Taking $\sqrt{5} \approx 2.24$,Area $\approx 8 \times 2.24 = 17.92\, cm^2$.
Thus,the area of paper used for each shade is:
Shade $I = 256\, cm^2$,Shade $II = 256\, cm^2$,Shade $III = 17.92\, cm^2$.

(C) There are $16$ equal triangular tiles.
Sides of the triangle are $a = 9\, cm, b = 28\, cm, c = 35\, cm$.
Semi-perimeter $s = \frac{a + b + c}{2} = \frac{9 + 28 + 35}{2} = \frac{72}{2} = 36\, cm$.
Area of one triangle using Heron's formula $= \sqrt{s(s - a)(s - b)(s - c)}$.
Area $= \sqrt{36(36 - 9)(36 - 28)(36 - 35)} = \sqrt{36 \times 27 \times 8 \times 1} = \sqrt{7776} = 36\sqrt{6}\, cm^2$.
Using $\sqrt{6} \approx 2.449$,Area $\approx 36 \times 2.449 = 88.164\, cm^2$.
Total area of $16$ tiles $= 16 \times 88.164 = 1410.624\, cm^2$.
Cost of polishing at $50p$ (or $Rs. 0.50$) per $cm^2$ $= 1410.624 \times 0.50 = Rs. 705.312$.
Rounding to the nearest value provided in the options,the cost is $Rs. 705.60$.

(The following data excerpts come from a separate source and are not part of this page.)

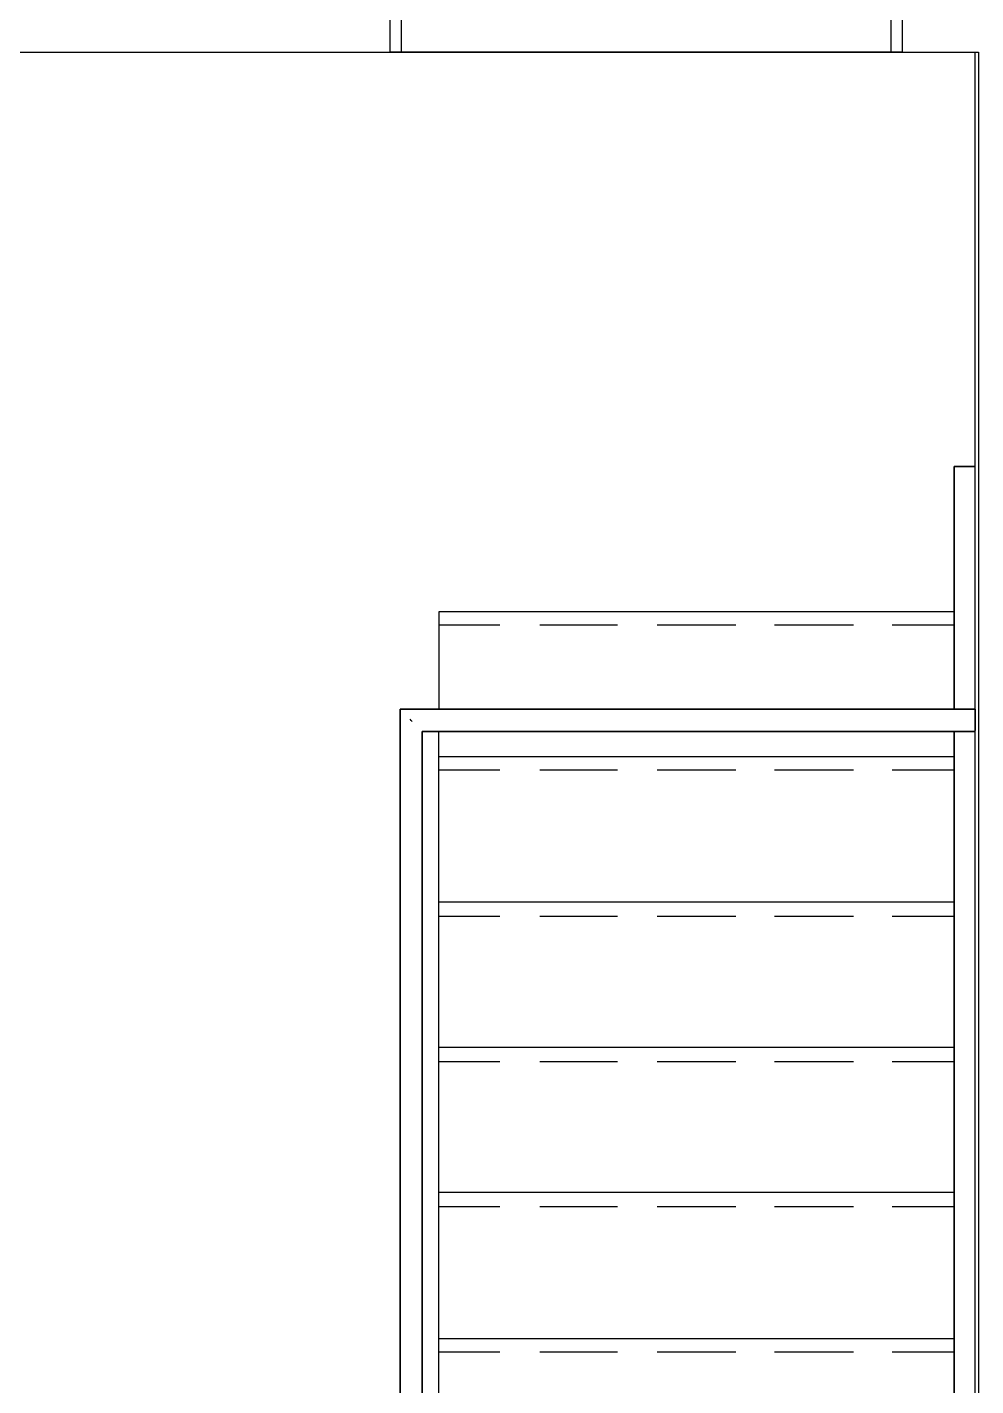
# Model space of a CAD drawing. Header units: inches. Extents: x -1841 to -80, y -100 to 1021.
# Drawn here: x -1447.6 to -1376.8, y 804.8 to 906.2 of the extents above; entities that cross this region are included whole.
import ezdxf

# ---------------------------------------------------------------- set-up
doc = ezdxf.new("R2010")
doc.units = ezdxf.units.IN
doc.header["$MEASUREMENT"] = 0
doc.layers.add('PDF_Geometry', color=7, linetype='Continuous', true_color=0x777777)

msp = doc.modelspace()

# ---------------------------------------------------------------- linework, layer by layer
at = {"layer": 'PDF_Geometry', "color": 7, "lineweight": 25}
for points in [[(-1419.67, 904.38), (-1420.5, 904.38), (-1420.5, 913.48), (-1422.16, 913.48), (-1422.16, 914.31), (-1419.67, 914.31)], [(-1383.11, 914.31), (-1380.63, 914.31), (-1380.63, 913.48), (-1382.28, 913.48), (-1382.28, 904.38), (-1383.11, 904.38)], [(-1371.69, 690.04), (-1371.2, 690.04), (-1371.2, 904.38), (-1249.09, 904.38), (-1308.08, 638.83), (-1300.88, 637.26), (-1241.57, 904.38), (-1188.87, 904.38), (-1188.87, 913.48), (-1382.28, 913.48), (-1382.28, 904.38), (-1376.57, 904.38), (-1376.57, 690.04), (-1376.57, 687.97), (-1371.69, 687.97)], [(-1382.28, 904.38), (-1420.5, 904.38)], [(-1378.39, 873.44), (-1378.31, 873.44), (-1378.23, 873.44), (-1378.06, 873.44), (-1377.82, 873.44), (-1377.65, 873.44), (-1377.4, 873.44), (-1377.24, 873.44), (-1377.07, 873.44), (-1376.91, 873.44), (-1376.82, 873.44), (-1376.91, 873.44), (-1377.07, 873.44), (-1377.24, 873.44), (-1377.4, 873.44), (-1377.65, 873.44), (-1377.82, 873.44), (-1378.06, 873.44), (-1378.23, 873.44), (-1378.31, 873.44)], [(-1376.82, 855.33), (-1376.82, 855.24), (-1376.82, 855.08), (-1376.82, 854.91), (-1376.82, 854.75), (-1376.82, 854.5), (-1376.82, 854.33), (-1376.82, 854.08), (-1376.82, 853.92), (-1376.82, 853.84), (-1376.82, 853.75), (-1376.82, 853.84), (-1376.82, 853.92), (-1376.82, 854.08), (-1376.82, 854.33), (-1376.82, 854.5), (-1376.82, 854.75), (-1376.82, 854.91), (-1376.82, 855.08), (-1376.82, 855.24)], [(-1376.82, 854.99), (-1376.82, 854.91), (-1376.82, 854.75), (-1376.82, 854.66), (-1376.82, 854.5), (-1376.82, 854.42), (-1376.82, 854.25), (-1376.82, 854.17), (-1376.82, 854.08), (-1376.82, 854), (-1376.82, 854.08), (-1376.82, 854.17), (-1376.82, 854.25), (-1376.82, 854.42), (-1376.82, 854.5), (-1376.82, 854.66), (-1376.82, 854.75), (-1376.82, 854.91)], [(-1378.39, 721.64), (-1378.39, 853.67)]]:
    msp.add_lwpolyline(points, close=True, dxfattribs=at)
for points in [[(-1684.81, 639.16), (-1666.61, 639.16), (-1666.61, 646.94), (-1663.72, 646.94), (-1663.72, 714.44), (-1475.43, 714.44), (-1475.43, 719.41), (-1663.72, 719.41), (-1663.72, 831.34), (-1665.78, 831.34), (-1665.78, 833.32), (-1665.78, 904.38), (-1420.5, 904.38), (-1420.5, 913.48), (-1684.81, 913.48)], [(-1418.1, 718.25), (-1418.1, 853.67), (-1376.82, 853.67), (-1418.1, 853.67), (-1418.1, 718.25), (-1419.76, 718.25), (-1419.76, 855.33), (-1376.82, 855.33), (-1376.82, 904.38)], [(-1383.11, 904.38), (-1419.67, 904.38)], [(-1378.39, 873.44), (-1378.39, 855.33), (-1378.39, 873.44), (-1376.82, 873.44)], [(-1378.39, 862.61), (-1416.86, 862.61), (-1416.86, 855.33)], [(-1412.31, 861.61), (-1416.86, 861.61)], [(-1403.54, 861.61), (-1409.33, 861.61)], [(-1394.69, 861.61), (-1400.57, 861.61)], [(-1385.92, 861.61), (-1391.8, 861.61)], [(-1378.39, 861.61), (-1383.03, 861.61)], [(-1376.82, 771.19), (-1376.82, 721.56), (-1376.82, 772.1), (-1376.82, 853.67), (-1376.82, 855.33), (-1419.76, 855.33), (-1419.76, 718.25)], [(-1418.85, 854.42), (-1418.93, 854.5), (-1419.01, 854.58)], [(-1378.48, 721.56), (-1416.86, 721.56), (-1416.86, 732.4), (-1416.86, 743.23), (-1416.86, 754.15), (-1416.86, 764.99), (-1416.86, 775.83), (-1416.86, 786.66), (-1416.86, 797.5), (-1416.86, 808.34), (-1416.86, 819.26), (-1416.86, 830.09), (-1416.86, 840.93), (-1416.86, 851.77), (-1416.86, 853.67)], [(-1378.39, 851.77), (-1416.86, 851.77)], [(-1412.31, 850.78), (-1416.86, 850.78)], [(-1403.54, 850.78), (-1409.33, 850.78)], [(-1394.69, 850.78), (-1400.57, 850.78)], [(-1385.92, 850.78), (-1391.8, 850.78)], [(-1378.39, 850.78), (-1383.03, 850.78)], [(-1378.39, 840.93), (-1416.86, 840.93)], [(-1412.31, 839.86), (-1416.86, 839.86)], [(-1403.54, 839.86), (-1409.33, 839.86)], [(-1394.69, 839.86), (-1400.57, 839.86)], [(-1385.92, 839.86), (-1391.8, 839.86)], [(-1378.39, 839.86), (-1383.03, 839.86)], [(-1378.39, 830.09), (-1416.86, 830.09)], [(-1412.31, 829.02), (-1416.86, 829.02)], [(-1403.54, 829.02), (-1409.33, 829.02)], [(-1394.69, 829.02), (-1400.57, 829.02)], [(-1385.92, 829.02), (-1391.8, 829.02)], [(-1378.39, 829.02), (-1383.03, 829.02)], [(-1378.39, 819.26), (-1416.86, 819.26)], [(-1412.31, 818.18), (-1416.86, 818.18)], [(-1403.54, 818.18), (-1409.33, 818.18)], [(-1394.69, 818.18), (-1400.57, 818.18)], [(-1385.92, 818.18), (-1391.8, 818.18)], [(-1378.39, 818.18), (-1383.03, 818.18)], [(-1378.39, 808.34), (-1416.86, 808.34)], [(-1412.31, 807.34), (-1416.86, 807.34)], [(-1403.54, 807.34), (-1409.33, 807.34)], [(-1394.69, 807.34), (-1400.57, 807.34)], [(-1385.92, 807.34), (-1391.8, 807.34)], [(-1378.39, 807.34), (-1383.03, 807.34)]]:
    msp.add_lwpolyline(points, dxfattribs=at)

doc.saveas('drawing.dxf')

(D) The given field is in the form of a trapezium $ABCD$ such that parallel sides are $AB = 10\, m$ and $DC = 25\, m$.
Non-parallel sides are $AD = 13\, m$ and $BC = 14\, m$.
Draw $BE \parallel AD$,such that $E$ lies on $DC$. Then $ABED$ is a parallelogram.
$DE = AB = 10\, m$,so $EC = DC - DE = 25\, m - 10\, m = 15\, m$.
In $\Delta BCE$,the sides are $a = 13\, m$,$b = 14\, m$,and $c = 15\, m$.
Semi-perimeter $s = \frac{13 + 14 + 15}{2} = \frac{42}{2} = 21\, m$.
Area of $\Delta BCE = \sqrt{s(s-a)(s-b)(s-c)} = \sqrt{21(21-13)(21-14)(21-15)} = \sqrt{21 \times 8 \times 7 \times 6} = \sqrt{7056} = 84\, m^{2}$.
Let $h$ be the height of $\Delta BCE$ corresponding to base $EC = 15\, m$.
Area of $\Delta BCE = \frac{1}{2} \times \text{base} \times \text{height} = 84\, m^{2}$.
$\frac{1}{2} \times 15 \times h = 84 \Rightarrow h = \frac{168}{15} = 11.2\, m$.
Area of parallelogram $ABED = \text{base} \times \text{height} = AB \times h = 10 \times 11.2 = 112\, m^{2}$.
Total area of the field = Area of $\Delta BCE +$ Area of parallelogram $ABED = 84 + 112 = 196\, m^{2}$.

(A) Let $ABCD$ be the rhombus-shaped field.
Perimeter of the rhombus $= 400\, m$.
Since all sides of a rhombus are equal,each side $= 400\, m / 4 = 100\, m$.
Thus,$AB = BC = CD = DA = 100\, m$.
Let the diagonal $BD = 160\, m$.
The diagonal divides the rhombus into two congruent triangles,$\triangle ABD$ and $\triangle BCD$.
For $\triangle ABD$,the sides are $a = 100\, m$,$b = 100\, m$,and $c = 160\, m$.
The semi-perimeter $s$ is given by:
$s = (100 + 100 + 160) / 2 = 360 / 2 = 180\, m$.
Using Heron's formula,the area of $\triangle ABD$ is:
Area $= \sqrt{s(s-a)(s-b)(s-c)}$
Area $= \sqrt{180(180-100)(180-100)(180-160)}$
Area $= \sqrt{180 \times 80 \times 80 \times 20}$
Area $= \sqrt{180 \times 20 \times 80^2}$
Area $= \sqrt{3600 \times 6400}$
Area $= 60 \times 80 = 4800\, m^2$.
Since the land is divided into two equal parts,each of them will get an area of $4800\, m^2$.